INSTRUCTIONS FOR THE TASK: Repeat only the stretch of lines below that runs from the line with "99h5.2M144.7 91.2h5.2M149.9 83.3h.1M149.9" through the line with "39.7h.1M149.1 38.1l1.6 1.6M150.7", unaltered.

─── EXERCISE INPUTS

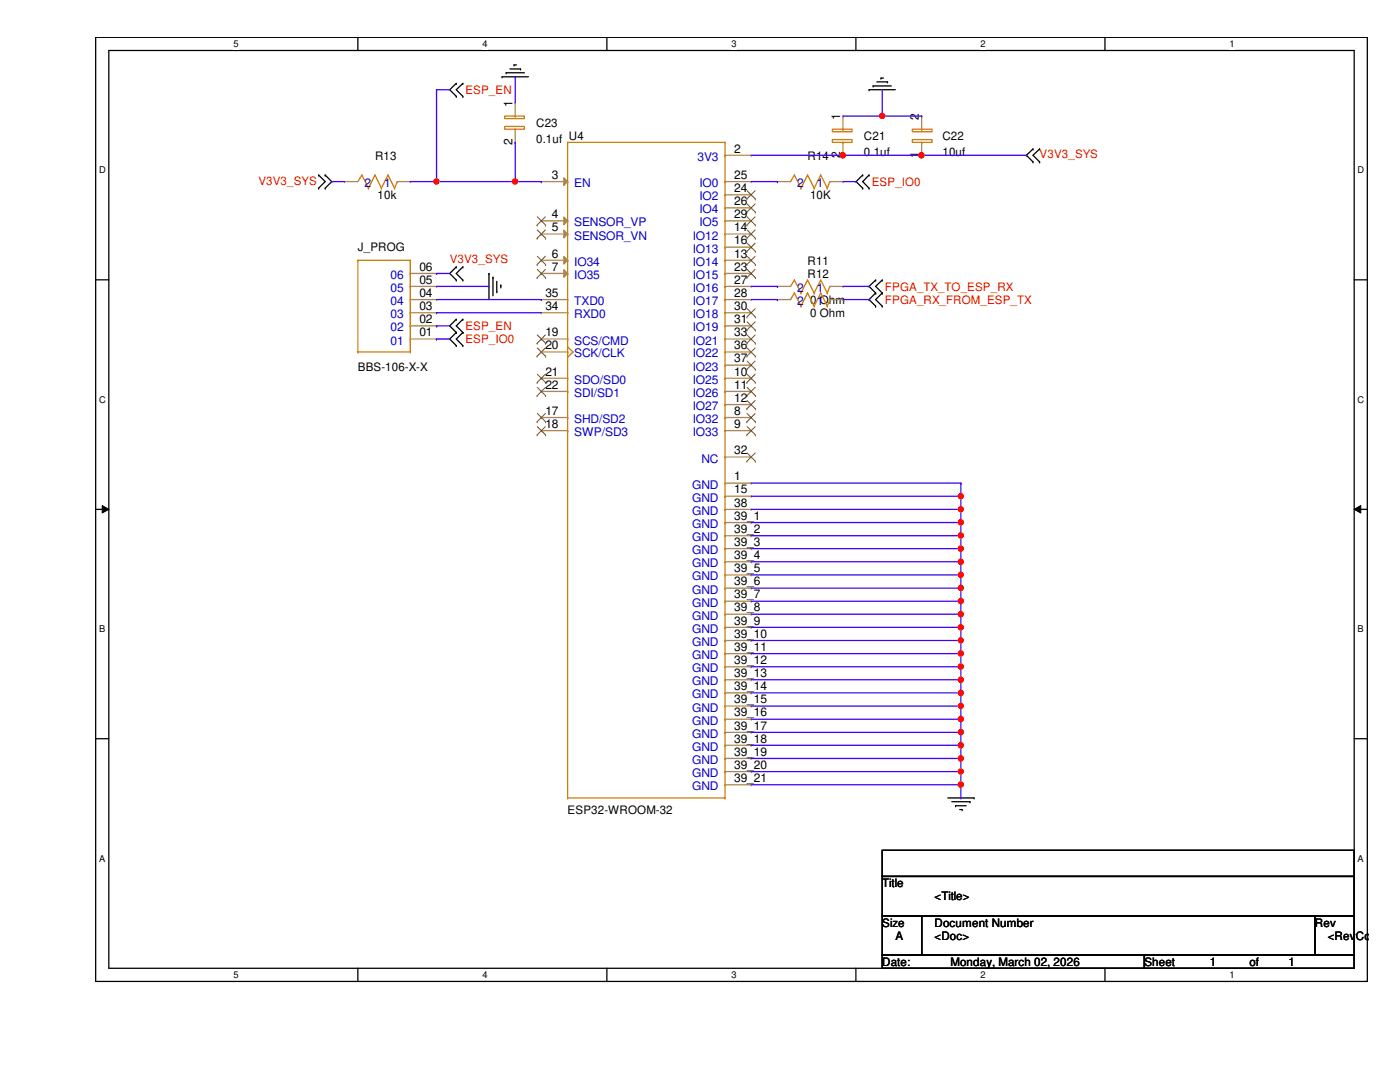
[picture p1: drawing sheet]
<svg xmlns="http://www.w3.org/2000/svg" width="279mm" height="216mm" viewBox="0 0 279 216" stroke-linecap="round" stroke-linejoin="round" font-family="sans-serif">
<path d="M19.1 7.5h253.8v188.3h-253.8zM21.7 10.1h248.6v183.1h-248.6z" fill="none" stroke="#000" stroke-width=".25"/>
<g fill="#fff">
<path d="M46.6 7.7h1v2.1h-1z"/>
<path d="M46.6 193.5h1v2.1h-1z"/>
</g>
<path d="M71.4 7.5v2.6M71.4 193.2v2.6" fill="none" stroke="#000" stroke-width=".25"/>
<g fill="#fff">
<path d="M96.3 7.7h1v2.1h-1z"/>
<path d="M96.3 193.5h1v2.1h-1z"/>
</g>
<path d="M121.1 7.5v2.6M121.1 193.2v2.6" fill="none" stroke="#000" stroke-width=".25"/>
<g fill="#fff">
<path d="M146 7.7h1v2.1h-1z"/>
<path d="M146 193.5h1v2.1h-1z"/>
</g>
<path d="M170.8 7.5v2.6M170.8 193.2v2.6" fill="none" stroke="#000" stroke-width=".25"/>
<g fill="#fff">
<path d="M195.7 7.7h1v2.1h-1z"/>
<path d="M195.7 193.5h1v2.1h-1z"/>
</g>
<path d="M220.5 7.5v2.6M220.5 193.2v2.6" fill="none" stroke="#000" stroke-width=".25"/>
<g fill="#fff">
<path d="M245.4 7.7h1v2.1h-1z"/>
<path d="M245.4 193.5h1v2.1h-1z"/>
<path d="M19.8 32.9h1.3v2.1h-1.3z"/>
<path d="M270.9 32.9h1.3v2.1h-1.3z"/>
<path d="M19.8 78.7h1.3v2.1h-1.3z"/>
<path d="M270.9 78.7h1.3v2.1h-1.3z"/>
</g>
<path d="M19.1 55.8h2.6M270.3 55.8h2.6" fill="none" stroke="#000" stroke-width=".25"/>
<g fill="#fff">
<path d="M19.8 124.5h1.2v2.1h-1.2z"/>
<path d="M270.9 124.5h1.3v2.1h-1.3z"/>
</g>
<path d="M19.1 101.6h2.6M270.3 101.6h2.6" fill="none" stroke="#000" stroke-width=".25"/>
<path d="M20.4 100.9l1.3 .7-1.3 .8zM270.3 101.6l1.3-.7v1.5z" fill="#000"/>
<path d="M20.4 100.9l1.3 .7-1.3 .8zM270.3 101.6l1.3-.7v1.5z" fill="none" stroke="#000" stroke-width=".2"/>
<g fill="#fff">
<path d="M19.8 170.3h1.2v2h-1.2z"/>
<path d="M270.9 170.3h1.3v2h-1.3z"/>
</g>
<g fill="none" stroke="#000" stroke-width=".25">
<path d="M91.1 16.6h.1M91.1 19.2h.1M91.1 16.6l-1.4 1.3 1.4 1.3M92.4 19.2h.1M92.4 16.6h.1M92.4 16.6l-1.3 1.3 1.3 1.3M100.2 15.3h.1M100.2 15.3h5.3M101 14.5h.1M101 14.5h3.6M101.8 13.8h2.1M102.6 13h.1"/>
<path d="M102.6 13h.5M103.9 13.8h.1M173.4 17.9h.1M173.4 17.9h5.3M174.2 17.1h.1M174.2 17.1h3.7M175 16.3h2.1M175.8 15.6h.1M175.8 15.6h.5M177.1 16.3h.1M63.6 34.9h.1M63.6 37.5h.1"/>
<path d="M63.6 34.9l1.3 1.3-1.3 1.3M64.9 37.5h.1M64.9 34.9h.1M64.9 34.9l1.3 1.3-1.3 1.3M172.2 34.9h.1M172.2 37.5h.1M172.2 34.9l-1.3 1.3 1.3 1.3M173.4 37.5h.1M173.4 34.9h.1M173.4 34.9l-1.2 1.3 1.2 1.3M206.2 29.7h.1M206.2 32.3h.1"/>
<path d="M206.2 29.7l-1.3 1.3 1.3 1.3M207.5 32.3h.1M207.5 29.7h.1M207.5 29.7l-1.3 1.3 1.3 1.3M91.1 53.3h.1M91.1 55.9h.1M91.1 53.3l-1.4 1.3 1.4 1.3M92.4 55.9h.1M92.4 53.3h.1M92.4 53.3l-1.3 1.3 1.3 1.3M97.6 54.6h.1M97.6 54.6v5.2"/>
<path d="M98.4 55.3h.1M98.4 55.3v3.7M99.1 58.2h.1M99.1 56.1v2.1M99.9 56.9h.1M99.9 56.9v.5M174.8 55.9h.1M174.8 58.5h.1M174.8 55.9l-1.4 1.2 1.4 1.4M174.8 58.5l-1.4 1.3 1.4 1.3M176.1 58.5h.1M176.1 55.9h.1"/>
<path d="M176.1 55.9l-1.3 1.2 1.3 1.4M176.1 58.5l-1.3 1.3 1.3 1.3M91.1 63.7h.1M91.1 66.3h.1M91.1 69h.1M91.1 63.7l-1.4 1.3 1.4 1.3M91.1 66.3l-1.4 1.3 1.4 1.4M92.4 66.3h.1M92.4 63.7h.1M92.4 69h.1M92.4 63.7l-1.3 1.3 1.3 1.3M92.4 66.3l-1.3 1.3 1.3 1.4"/>
<path d="M174.8 61.1h.1M176.1 61.1h.1M19.1 147.4h2.6M189.1 159.2h5.3M189.9 160h3.7M193.6 160h.1M194.4 159.2h.1M270.3 147.4h2.6M176.1 169.7h94.2v5.2h-94.2zM176.1 174.9h94.2v7.9h-94.2zM190.7 160.8h.1M190.7 160.8h2.1"/>
<path d="M191.5 161.5h.5M192 161.5h.1M176.1 182.8h7.8v7.8h-7.8zM176.1 190.6h52.3v2.6h-52.3zM183.9 182.8h78.5v7.8h-78.5zM228.4 190.6h41.9v2.6h-41.9zM262.4 182.8h7.9v7.8h-7.9z"/>
</g>
<g fill="none" stroke="#cc8006" stroke-width=".25">
<path d="M72.2 34.9h.1M72.2 34.9l1.3 2.6M72.2 34.9l-.8 1.3M73.5 37.5h.1M74.8 34.9h.1M74.8 34.9l-1.3 2.6M74.8 34.9l1.3 2.6M76.1 37.5h.1M77.4 34.9h.1M77.4 34.9l-1.3 2.6M77.4 34.9l1.3 2.6M78.7 37.5h.1"/>
<path d="M79.3 36.2h.1M79.3 36.2l-.6 1.3M113.3 28.4h.1M113.3 36.2h.1M113.3 28.4h31.4M113.3 28.4v130.8M144.7 28.4h.1M144.7 31h.1M144.7 38.9h.1M144.7 36.2h.1M144.7 28.4v130.8M166.1 25.8h4v.5h-4z"/>
<path d="M166.1 27.9h4v.5h-4zM168.2 28.4h.1M168.2 25.8h.1M113.3 44.1h.1M113.3 46.7h.1M113.3 51.9h.1M113.3 54.6h.1M113.3 59.8h.1M144.7 51.9h.1M144.7 46.7h.1M144.7 49.3h.1M144.7 54.6h.1"/>
<path d="M144.7 41.5h.1M144.7 57.1h.1M144.7 59.8h.1M144.7 44.1h.1M158.5 55.9h.1M158.5 55.9l1.4 2.6M158.5 55.9l-.7 1.2M159.9 58.5h.1M161.2 55.9h.1M161.2 55.9l-1.3 2.6M161.2 55.9l1.3 2.6M162.5 58.5h.1"/>
<path d="M163.8 55.9h.1M163.8 55.9l-1.3 2.6M163.8 55.9l1.3 2.6M165.1 58.5h.1M165.6 57.1h.1M165.6 57.1l-.5 1.4M113.3 62.4h.1M113.3 67.6h.1M113.3 69.2h.1M113.3 70.2h.1M113.3 75.5h.1M113.3 78.1h.1"/>
<path d="M113.3 69.2l1 1M114.3 70.2h.1M114.3 70.2l-1 1.1M144.7 75.5h.1M144.7 78.1h.1M144.7 62.4h.1M144.7 65h.1M144.7 67.6h.1M144.7 70.2h.1M144.7 72.9h.1M113.3 83.3h.1M113.3 85.9h.1"/>
<path d="M144.7 96.4h.1M144.7 85.9h.1M144.7 83.3h.1M144.7 80.7h.1M144.7 91.2h.1M144.7 99h.1M144.7 101.6h.1M144.7 104.3h.1M144.7 106.9h.1M144.7 109.5h.1M144.7 112.1h.1M144.7 114.7h.1"/>
<path d="M144.7 117.3h.1M144.7 120h.1M144.7 122.6h.1M144.7 125.2h.1M144.7 127.8h.1M144.7 130.4h.1M144.7 133.1h.1M144.7 135.6h.1M144.7 138.3h.1M113.3 159.2h.1M113.3 159.2h31.4M144.7 159.2h.1"/>
<path d="M144.7 140.9h.1M144.7 143.5h.1M144.7 146.1h.1M144.7 148.7h.1M144.7 151.3h.1M144.7 154h.1M144.7 156.6h.1"/>
</g>
<g fill="none" stroke="#a84" stroke-width=".25">
<path d="M68.8 36.2h.1M68.8 36.2h2.6M79.3 36.2h2.6M81.9 36.2h.1M144.7 31h5.2M149.9 31h.1M168.2 23.2h.1M168.2 31h.1M168.2 23.2v2.6M168.2 28.4v2.6M155.2 57.1h.1M155.2 57.1h2.6"/>
<path d="M165.6 57.1h2.6M168.2 57.1h.1M144.7 96.4h5.2M149.9 96.4h.1"/>
</g>
<path d="M112.5 35.5l.8 .7-.8 .8z" fill="#a84"/>
<path d="M108 36.2h.1M108 36.2h5.3M112.5 35.5l.8 .7-.8 .8z" fill="none" stroke="#a84" stroke-width=".25"/>
<path d="M112.5 43.3l.8 .8-.8 .7z" fill="#a84"/>
<path d="M108 44.1h.1M108 44.1h5.3M112.5 43.3l.8 .8-.8 .7z" fill="none" stroke="#a84" stroke-width=".25"/>
<path d="M107.2 44.9h.1M107.2 43.3l1.7 1.6M108.8 43.3l-1.6 1.6M108.9 44.9h.1" fill="none" stroke="#804000" stroke-width=".2"/>
<path d="M112.5 45.9l.8 .8-.8 .8z" fill="#a84"/>
<path d="M108 46.7h.1M108 46.7h5.3M112.5 45.9l.8 .8-.8 .8z" fill="none" stroke="#a84" stroke-width=".25"/>
<path d="M107.2 47.5h.1M107.2 45.9l1.7 1.6M108.8 45.9l-1.6 1.6M108.9 47.5h.1" fill="none" stroke="#804000" stroke-width=".2"/>
<path d="M112.5 51.2l.8 .7-.8 .8z" fill="#a84"/>
<path d="M108 51.9h.1M108 51.9h5.3M112.5 51.2l.8 .7-.8 .8z" fill="none" stroke="#a84" stroke-width=".25"/>
<path d="M107.2 52.8h.1M107.2 51.1l1.7 1.7M108.8 51.1l-1.6 1.7M108.9 52.8h.1" fill="none" stroke="#804000" stroke-width=".2"/>
<path d="M112.5 53.8l.8 .8-.8 .7z" fill="#a84"/>
<g fill="none" stroke="#a84" stroke-width=".25">
<path d="M102.8 20.5h.1M102.8 28.4h.1M102.8 20.5v2.7M102.8 25.8v2.6M144.7 38.9h5.2M144.7 36.2h5.2M149.9 38.9h.1M149.9 36.2h.1M155.2 36.2h.1M155.2 36.2h2.6M165.6 36.2h2.6M168.2 36.2h.1"/>
<path d="M183.9 31h.1M183.9 23.2h.1M183.9 23.2v2.6M183.9 28.4v2.6M81.9 54.6h5.2M81.9 57.1h5.2M81.9 59.8h5.2M87.1 59.8h.1M87.1 57.1h.1M87.1 54.6h.1M108 54.6h.1M108 59.8h.1"/>
<path d="M108 54.6h5.3M108 59.8h5.3M112.5 53.8l.8 .8-.8 .7zM144.7 54.6h5.2M144.7 51.9h5.2M144.7 46.7h5.2M144.7 49.3h5.2M144.7 41.5h5.2M144.7 57.1h5.2M144.7 59.8h5.2M144.7 44.1h5.2M149.9 51.9h.1"/>
<path d="M149.9 46.7h.1M149.9 49.3h.1M149.9 54.6h.1M149.9 41.5h.1M149.9 57.1h.1M149.9 59.8h.1M149.9 44.1h.1M155.2 59.8h.1M155.2 59.8h2.6M165.6 59.8h2.6M168.2 59.8h.1M81.9 67.6h5.2"/>
<path d="M81.9 62.4h5.2M81.9 65h5.2M87.1 67.6h.1M87.1 65h.1M87.1 62.4h.1M108 67.6h.1M108 70.2h.1M108 75.5h.1M108 78.1h.1M108 62.4h.1M108 75.5h5.3M108 78.1h5.3"/>
<path d="M108 67.6h5.3M108 70.2h5.3M108 62.4h5.3M144.7 75.5h5.2M144.7 78.1h5.2M144.7 67.6h5.2M144.7 70.2h5.2M144.7 62.4h5.2M144.7 65h5.2M144.7 72.9h5.2M149.9 75.5h.1M149.9 78.1h.1"/>
<path d="M149.9 62.4h.1M149.9 65h.1M149.9 67.6h.1M149.9 70.2h.1M149.9 72.9h.1M108 83.3h.1M108 85.9h.1M108 83.3h5.3M108 85.9h5.3M144.7 83.3h5.2M144.7 85.9h5.2M144.7 80.7h5.2"/>
<path d="M144.7 99h5.2M144.7 91.2h5.2M149.9 83.3h.1M149.9 85.9h.1M149.9 80.7h.1M149.9 99h.1M149.9 91.2h.1M144.7 101.6h5.2M144.7 104.3h5.2M144.7 106.9h5.2M144.7 109.5h5.2M144.7 112.1h5.2"/>
<path d="M144.7 114.7h5.2M144.7 117.3h5.2M144.7 120h5.2M149.9 101.6h.1M149.9 104.3h.1M149.9 106.9h.1M149.9 109.5h.1M149.9 112.1h.1M149.9 114.7h.1M149.9 117.3h.1M149.9 120h.1M144.7 122.6h5.2"/>
<path d="M144.7 125.2h5.2M144.7 127.8h5.2M144.7 130.4h5.2M144.7 133.1h5.2M144.7 135.6h5.2M144.7 138.3h5.2M149.9 122.6h.1M149.9 125.2h.1M149.9 127.8h.1M149.9 130.4h.1M149.9 133.1h.1M149.9 135.6h.1"/>
<path d="M149.9 138.3h.1M144.7 140.9h5.2M144.7 143.5h5.2M144.7 146.1h5.2M144.7 148.7h5.2M144.7 151.3h5.2M144.7 154h5.2M144.7 156.6h5.2M149.9 140.9h.1M149.9 143.5h.1M149.9 146.1h.1M149.9 148.7h.1"/>
<path d="M149.9 151.3h.1M149.9 154h.1M149.9 156.6h.1"/>
</g>
<g fill="none" stroke="#804000" stroke-width=".2">
<path d="M149.1 39.7h.1M149.1 38.1l1.6 1.6M150.7 38.1l-1.6 1.6M150.7 39.7h.1M107.2 55.4h.1M107.2 53.8l1.7 1.6M108.8 53.8l-1.6 1.6M108.9 55.4h.1M149.1 52.8h.1M149.1 47.5h.1M149.1 50.2h.1M149.1 55.4h.1"/>
<path d="M149.1 42.3h.1M149.1 44.9h.1M149.1 51.1l1.6 1.7M149.1 45.9l1.6 1.6M149.1 48.5l1.6 1.7M149.1 53.8l1.6 1.6M149.1 40.7l1.6 1.6M149.1 43.3l1.6 1.6M150.7 51.1l-1.6 1.7M150.7 45.9l-1.6 1.6M150.7 48.5l-1.6 1.7M150.7 43.3l-1.6 1.6"/>
<path d="M150.7 53.8l-1.6 1.6M150.7 40.7l-1.6 1.6M150.7 52.8h.1M150.7 47.5h.1M150.7 50.2h.1M150.7 55.4h.1M150.7 42.3h.1M150.7 44.9h.1M107.2 68.5h.1M107.2 71.1h.1M107.2 76.3h.1M107.2 79h.1"/>
<path d="M107.2 66.8l1.7 1.7M107.2 69.4l1.7 1.7M107.2 74.7l1.7 1.6M107.2 77.3l1.7 1.7M108.8 66.8l-1.6 1.7M108.8 69.4l-1.6 1.7M108.8 74.7l-1.6 1.6M108.8 77.3l-1.6 1.7M108.9 68.5h.1M108.9 71.1h.1M108.9 76.3h.1M108.9 79h.1"/>
<path d="M149.1 76.3h.1M149.1 79h.1M149.1 63.2h.1M149.1 65.9h.1M149.1 68.5h.1M149.1 71.1h.1M149.1 73.7h.1M149.1 74.7l1.6 1.6M149.1 77.3l1.6 1.7M149.1 79.9l1.6 1.7M149.1 61.6l1.6 1.6M149.1 64.2l1.6 1.7"/>
<path d="M149.1 66.8l1.6 1.7M149.1 69.4l1.6 1.7M149.1 72.1l1.6 1.6M150.7 74.7l-1.6 1.6M150.7 77.3l-1.6 1.7M150.7 79.9l-1.6 1.7M150.7 61.6l-1.6 1.6M150.7 64.2l-1.6 1.7M150.7 66.8l-1.6 1.7M150.7 69.4l-1.6 1.7M150.7 72.1l-1.6 1.6M150.7 76.3h.1"/>
<path d="M150.7 79h.1M150.7 63.2h.1M150.7 65.9h.1M150.7 68.5h.1M150.7 71.1h.1M150.7 73.7h.1M107.2 84.2h.1M107.2 86.8h.1M107.2 82.5l1.7 1.7M107.2 85.1l1.7 1.7M108.8 82.5l-1.6 1.7M108.8 85.1l-1.6 1.7"/>
<path d="M108.9 84.2h.1M108.9 86.8h.1M149.1 84.2h.1M149.1 86.8h.1M149.1 81.6h.1M149.1 92h.1M149.1 82.5l1.6 1.7M149.1 85.1l1.6 1.7M149.1 90.4l1.6 1.6M150.7 82.5l-1.6 1.7M150.7 85.1l-1.6 1.7M150.7 90.4l-1.6 1.6"/>
<path d="M150.7 84.2h.1M150.7 86.8h.1M150.7 81.6h.1M150.7 92h.1"/>
</g>
<g fill="none" stroke="#cc8006" stroke-width=".25">
<path d="M100.7 23.2h3.9v.5h-3.9zM100.7 25.2h3.9v.6h-3.9zM102.8 25.8h.1M102.8 23.2h.1M158.5 34.9h.1M158.5 34.9l1.4 2.6M158.5 34.9l-.7 1.3M159.9 37.5h.1M161.2 34.9h.1M161.2 34.9l-1.3 2.6M161.2 34.9l1.3 2.6M162.5 37.5h.1"/>
<path d="M163.8 34.9h.1M163.8 34.9l-1.3 2.6M163.8 34.9l1.3 2.6M165.1 37.5h.1M165.6 36.2h.1M165.6 36.2l-.5 1.3M182.1 27.9h3.9v.5h-3.9zM182.1 25.8h3.9v.5h-3.9zM183.9 25.8h.1M183.9 28.4h.1M71.4 51.9h.1M71.4 51.9v18.3"/>
<path d="M71.4 51.9h10.5M81.9 51.9h.1M81.9 59.8h.1M81.9 57.1h.1M81.9 54.6h.1M81.9 51.9v18.3M158.5 58.5h.1M158.5 58.5l1.4 2.6M158.5 58.5l-.7 1.3M161.2 58.5h.1M161.2 58.5l-1.3 2.6M161.2 58.5l1.3 2.6"/>
<path d="M163.8 58.5h.1M163.8 58.5l-1.3 2.6M163.8 58.5l1.3 2.6M165.6 59.8h.1M165.6 59.8l-.5 1.3M71.4 70.2h.1M71.4 70.2h10.5M81.9 70.2h.1M81.9 67.6h.1M81.9 65h.1M81.9 62.4h.1M159.9 61.1h.1"/>
<path d="M162.5 61.1h.1M165.1 61.1h.1"/>
</g>
<path d="M149.9 96.4h41.9M149.9 99h41.9M191.8 96.4h.1M191.8 99h.1" fill="none" stroke="#4200ff" stroke-width=".25"/>
<circle cx="191.7" cy="99" r=".5" fill="#f00"/>
<circle cx="191.7" cy="99" r=".5" fill="none" stroke="#f00" stroke-width=".25"/>
<path d="M149.9 101.6h41.9M149.9 104.3h41.9M149.9 106.9h41.9M191.8 101.6h.1M191.8 104.3h.1M191.8 106.9h.1" fill="none" stroke="#4200ff" stroke-width=".25"/>
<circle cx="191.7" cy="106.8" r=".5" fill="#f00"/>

──────

SOLUTION BELOW:
<path d="M144.7 99h5.2M144.7 91.2h5.2M149.9 83.3h.1M149.9 85.9h.1M149.9 80.7h.1M149.9 99h.1M149.9 91.2h.1M144.7 101.6h5.2M144.7 104.3h5.2M144.7 106.9h5.2M144.7 109.5h5.2M144.7 112.1h5.2"/>
<path d="M144.7 114.7h5.2M144.7 117.3h5.2M144.7 120h5.2M149.9 101.6h.1M149.9 104.3h.1M149.9 106.9h.1M149.9 109.5h.1M149.9 112.1h.1M149.9 114.7h.1M149.9 117.3h.1M149.9 120h.1M144.7 122.6h5.2"/>
<path d="M144.7 125.2h5.2M144.7 127.8h5.2M144.7 130.4h5.2M144.7 133.1h5.2M144.7 135.6h5.2M144.7 138.3h5.2M149.9 122.6h.1M149.9 125.2h.1M149.9 127.8h.1M149.9 130.4h.1M149.9 133.1h.1M149.9 135.6h.1"/>
<path d="M149.9 138.3h.1M144.7 140.9h5.2M144.7 143.5h5.2M144.7 146.1h5.2M144.7 148.7h5.2M144.7 151.3h5.2M144.7 154h5.2M144.7 156.6h5.2M149.9 140.9h.1M149.9 143.5h.1M149.9 146.1h.1M149.9 148.7h.1"/>
<path d="M149.9 151.3h.1M149.9 154h.1M149.9 156.6h.1"/>
</g>
<g fill="none" stroke="#804000" stroke-width=".2">
<path d="M149.1 39.7h.1M149.1 38.1l1.6 1.6M150.7 38.1l-1.6 1.6M150.7 39.7h.1M107.2 55.4h.1M107.2 53.8l1.7 1.6M108.8 53.8l-1.6 1.6M108.9 55.4h.1M149.1 52.8h.1M149.1 47.5h.1M149.1 50.2h.1M149.1 55.4h.1"/>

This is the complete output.